Love and taxes. Yes, they do go together.

Free-vintage-valentines-day-card-happy-couple-with-red-heart-and-pink-flowersFirst, all you married folks. Congratulations on sticking with those vows. I know you didn't invite Uncle Sam to your wedding, but he was there in spirit.

When it comes to taxes, your marital status for a tax year is determined by your relationship status on Dec. 31 of that year.

If you were married 364 days but the divorce was final on the last day of the year, then when you file that year's tax return you are single.

Conversely, if you didn't get married until Dec. 31, then those 364 single days don't matter to the IRS. You were married in the tax man's eyes for the full year.

So all you couples considering marriage, keep that in mind when planning your big day.

Yes, romance matters, but it never hurts to be pragmatic. The hubby and I pushed our wedding 28 anniversaries ago (yes I was a child bride!) into a new year to take advantage of what at that time was a new tax break for dual-earning married couples.
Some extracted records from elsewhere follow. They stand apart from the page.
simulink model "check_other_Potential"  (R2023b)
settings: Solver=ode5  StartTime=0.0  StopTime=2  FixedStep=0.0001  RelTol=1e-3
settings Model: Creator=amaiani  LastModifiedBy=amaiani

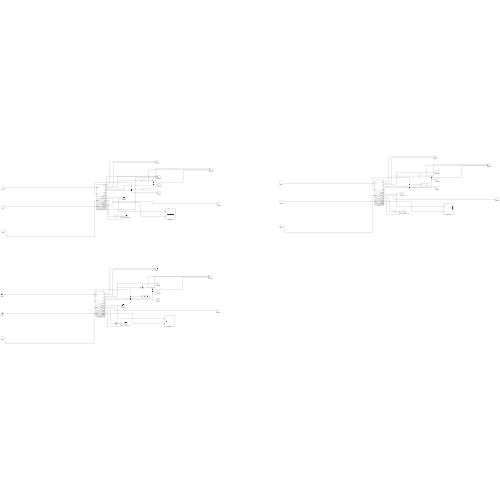
[thumbnail: Simulink's stored preview of the top-level diagram]
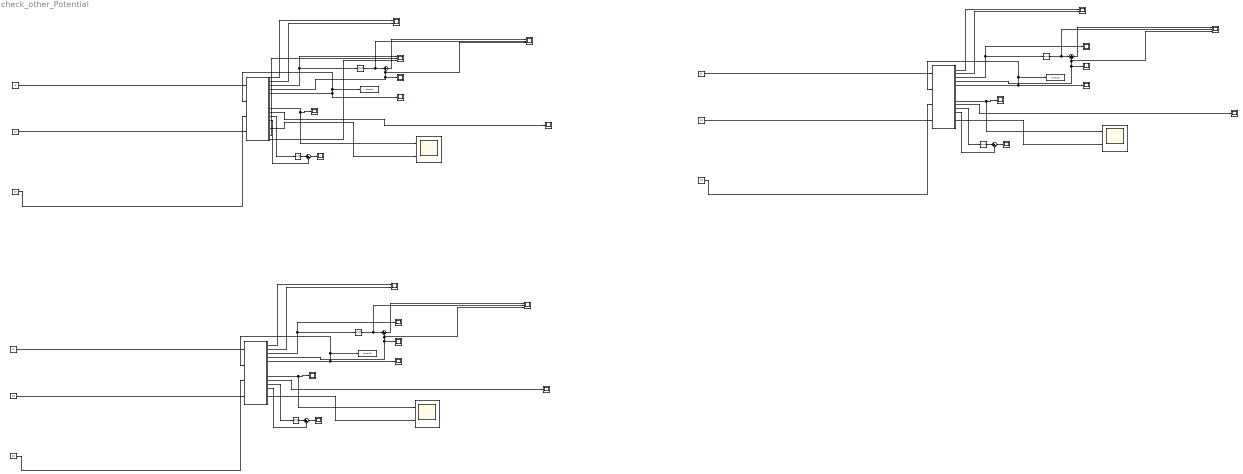
== system check_other_Potential ==
  Damp : Constant  Value=10
  Damp1 : Constant  Value=10
  Damp2 : Constant  Value=10
  Derivative{,1..5} (6 alike) : Derivative
  Dynamics{,1..5} (6 alike) : Scope
  H_dot_error : Scope  NumInputPorts=3
  H_dot_error1 : Scope  NumInputPorts=3
  H_dot_error2 : Scope  NumInputPorts=3
  H_dot_theory : Scope
  H_dot_theory1 : Scope
  H_dot_theory2 : Scope
  Hamiltonian : Scope  NumInputPorts=3
  Hamiltonian1 : Scope
  Hamiltonian2 : Scope
  Liu : Subsystem
  Liu1 : Subsystem
  Liu2 : Subsystem
  Sum{,1..5} (6 alike) : Sum  Inputs=|+-
  To Workspace : ToWorkspace  VariableName=simout  SampleTime=-1
  To Workspace1 : ToWorkspace  VariableName=simout1  SampleTime=-1
  To Workspace2 : ToWorkspace  VariableName=simout2  SampleTime=-1
  added_power : Scope  NumInputPorts=2
  added_power1 : Scope  NumInputPorts=2
  added_power2 : Scope  NumInputPorts=2
  alpha : Constant  Value=10
  alpha1 : Constant  Value=10
  alpha2 : Constant  Value=10
  cbf_dot_measured_error : Scope
  cbf_dot_measured_error1 : Scope
  cbf_dot_measured_error2 : Scope
  dhdqqdot : Scope
  dhdqqdot1 : Scope
  dhdqqdot2 : Scope
  skew : Scope  NumInputPorts=2
  skew1 : Scope  NumInputPorts=2
  skew2 : Scope  NumInputPorts=2
  spring : Constant  Value=[10,0,0;0,1,0;0,0,1]
  spring1 : Constant  Value=[10,0,0;0,10,0;0,0,10]
  spring2 : Constant  Value=[10,0,0;0,1,0;0,0,1]
  wires:
  Derivative/1 -> H_dot_error/2, Sum/1
  Sum/1 -> H_dot_error/1
  spring/1 -> Liu/1(spring)
  Damp/1 -> Liu/4(damp)
  alpha/1 -> Liu/3(alpha)
  Liu/4(H_dot) -> H_dot_theory/1, H_dot_error/3, Sum/2
  Liu/5(Out5) -> Dynamics/1, Liu/2(q), To Workspace/1
  Liu/3(E) -> Derivative/1, Hamiltonian/1
  Liu/1(out_1) -> skew/1
  Liu/2(out_2) -> skew/2
  Liu/10(hessian_term) -> Dynamics1/1
  Liu/9(before_dot) -> added_power/1, dhdqqdot/1
  Liu/11(cbf) -> Derivative1/1
  Derivative1/1 -> Sum2/1
  Sum2/1 -> cbf_dot_measured_error/1
  Liu/12(cbf_dot) -> Sum2/2
  Liu/14(after_dot) -> added_power/2
  Damp1/1 -> Liu1/4(damp)
  Liu1/2(out_2) -> skew1/2
  Liu1/11(cbf) -> Derivative3/1
  spring1/1 -> Liu1/1(spring)
  alpha1/1 -> Liu1/3(alpha)
  Liu1/5(Out5) -> Dynamics2/1, Liu1/2(q), To Workspace1/1
  Sum3/1 -> cbf_dot_measured_error1/1
  Liu1/1(out_1) -> skew1/1
  Liu1/10(hessian_term) -> Dynamics3/1
  Derivative2/1 -> H_dot_error1/2, Sum1/1
  Liu1/3(E) -> Derivative2/1, Hamiltonian1/1
  Derivative3/1 -> Sum3/1
  Liu1/12(cbf_dot) -> Sum3/2
  Sum1/1 -> H_dot_error1/1
  Liu1/4(H_dot) -> H_dot_theory1/1, H_dot_error1/3, Sum1/2
  Liu1/14(after_dot) -> added_power1/2
  Liu1/9(before_dot) -> added_power1/1, dhdqqdot1/1
  Damp2/1 -> Liu2/4(damp)
  Liu2/2(out_2) -> skew2/2
  Liu2/11(cbf) -> Derivative5/1
  spring2/1 -> Liu2/1(spring)
  alpha2/1 -> Liu2/3(alpha)
  Liu2/5(Out5) -> Dynamics4/1, Liu2/2(q), To Workspace2/1
  Sum5/1 -> cbf_dot_measured_error2/1
  Liu2/1(out_1) -> skew2/1
  Liu2/10(hessian_term) -> Dynamics5/1
  Derivative4/1 -> H_dot_error2/2, Sum4/1
  Liu2/3(E) -> Derivative4/1, Hamiltonian2/1
  Derivative5/1 -> Sum5/1
  Liu2/12(cbf_dot) -> Sum5/2
  Sum4/1 -> H_dot_error2/1
  Liu2/4(H_dot) -> H_dot_theory2/1, H_dot_error2/3, Sum4/2
  Liu2/14(after_dot) -> added_power2/2
  Liu2/9(before_dot) -> added_power2/1, dhdqqdot2/1
  Liu/16(T) -> Hamiltonian/2
  Liu/17(V) -> Hamiltonian/3

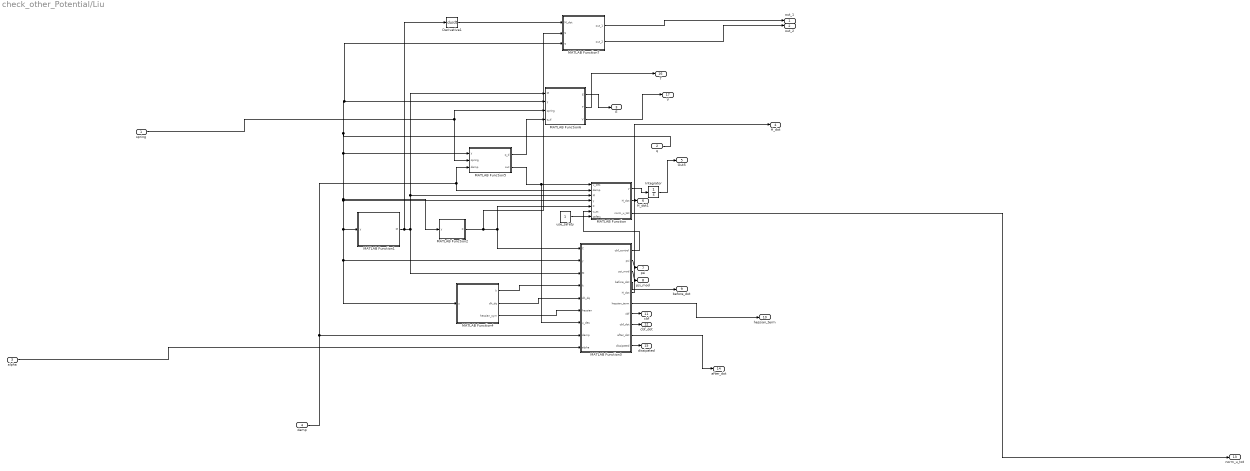
== system check_other_Potential/Liu ==
  spring : Inport
  q : Inport  Port=2
  alpha : Inport  Port=3
  damp : Inport  Port=4
  Derivative1 : Derivative
  Integrator : Integrator  InitialCondition=[0;0;0;0;0;0]
  MATLAB Function : MATLAB Function  TreatAsAtomicUnit=on
  MATLAB Function1 : MATLAB Function  StartFcn=|  TreatAsAtomicUnit=on
      | % Define numerical values for the parameters
      | xc = 2.5;
      | yc = 2;
      | r = 1;
      | gamma = 2;
      | alpha = 20;
      | 
      | 
      | m1 = 1;
      | m2 = 1;
      | m3 = 1;
      | 
      | 
      | l1 = 1;
      | l2 = 1;
      | l3 = 1;
  MATLAB Function2 : MATLAB Function  StartFcn=|  TreatAsAtomicUnit=on
      | % Define numerical values for the parameters
      | xc = 2.5;
      | yc = 2;
      | r = 1;
      | gamma = 2;
      | alpha = 20;
      | 
      | 
      | m1 = 1;
      | m2 = 1;
      | m3 = 1;
      | 
      | 
      | l1 = 1;
      | l2 = 1;
      | l3 = 1;
  MATLAB Function3 : MATLAB Function  TreatAsAtomicUnit=on
  MATLAB Function4 : MATLAB Function  TreatAsAtomicUnit=on
  MATLAB Function5 : MATLAB Function  TreatAsAtomicUnit=on
  MATLAB Function6 : MATLAB Function  TreatAsAtomicUnit=on
  MATLAB Function7 : MATLAB Function  StartFcn=|  TreatAsAtomicUnit=on
      | % Define numerical values for the parameters
      | xc = 2.5;
      | yc = 2;
      | r = 1;
      | gamma = 2;
      | alpha = 20;
      | 
      | 
      | m1 = 1;
      | m2 = 1;
      | m3 = 1;
      | 
      | 
      | l1 = 1;
      | l2 = 1;
      | l3 = 1;
  use_safety : Constant
  out_1 : Outport
  out_2 : Outport  Port=2
  E : Outport  Port=3
  H_dot : Outport  Port=4
  Out5 : Outport  Port=5
  H_dot1 : Outport  Port=6
  psi : Outport  Port=7
  psi_mod : Outport  Port=8
  before_dot : Outport  Port=9
  hessian_term : Outport  Port=10
  cbf : Outport  Port=11
  cbf_dot : Outport  Port=12
  norm_u_tot : Outport  Port=13
  after_dot : Outport  Port=14
  dissipated : Outport  Port=15
  T : Outport  Port=16
  V : Outport  Port=17
  wires:
  MATLAB Function3/8(cbf_dot) -> cbf_dot/1
  MATLAB Function3/2(psi) -> psi/1
  MATLAB Function3/7(cbf) -> cbf/1
  MATLAB Function/3(norm_u_tot) -> norm_u_tot/1
  MATLAB Function/2(H_dot) -> H_dot1/1
  Integrator/1 -> Out5/1
  MATLAB Function4/3(hessian_sym) -> MATLAB Function3/6(hessian)
  MATLAB Function1/1(M) -> Derivative1/1, MATLAB Function6/1(M), MATLAB Function/3(M), MATLAB Function3/3(M)
  MATLAB Function4/2(dh_dq) -> MATLAB Function3/5(dh_dq)
  MATLAB Function7/1(out_1) -> out_1/1
  alpha/1 -> MATLAB Function3/9(alpha)
  MATLAB Function6/1(E) -> E/1
  MATLAB Function3/3(psi_mod) -> psi_mod/1
  MATLAB Function7/2(out_2) -> out_2/1
  use_safety/1 -> MATLAB Function/7(safety)
  MATLAB Function3/4(before_dot) -> before_dot/1
  Derivative1/1 -> MATLAB Function7/1(M_dot)
  MATLAB Function5/1(q_d) -> MATLAB Function6/4(q_d)
  MATLAB Function3/5(H_dot) -> H_dot/1
  MATLAB Function/1(y) -> Integrator/1
  MATLAB Function3/1(cbf_control) -> MATLAB Function/6(u_sc)
  MATLAB Function2/1(C) -> MATLAB Function/5(C), MATLAB Function3/1(C), MATLAB Function7/2(S)
  MATLAB Function4/1(h) -> MATLAB Function3/4(h)
  spring/1 -> MATLAB Function6/3(spring), MATLAB Function5/2(spring)
  MATLAB Function5/2(out) -> MATLAB Function3/7(u_des), MATLAB Function/1(u_des)
  MATLAB Function3/6(hessian_term) -> hessian_term/1
  q/1 -> MATLAB Function7/3(q), MATLAB Function6/2(y), MATLAB Function5/1(y), MATLAB Function2/1(y), MATLAB Function4/1(y), MATLAB Function3/2(y), MATLAB Function1/1(y), MATLAB Function/4("y ")
  damp/1 -> MATLAB Function/2(damp), MATLAB Function5/3(damp), MATLAB Function3/8(damp)
  MATLAB Function3/9(after_dot) -> after_dot/1
  MATLAB Function3/10(dissipated) -> dissipated/1
  MATLAB Function6/2(T) -> T/1
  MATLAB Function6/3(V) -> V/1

Filing status options: Once you've tied the knot, you then get to decide whether me you want to, or should, send in your returns jointly or file separate 1040s.

Even when you have a great marriage, sometimes it pays to file separately.

Your shared home: The tax laws provide a very nice Valentine for married homeowners when they sell. We get a tax break twice as large as that available to single home sellers. 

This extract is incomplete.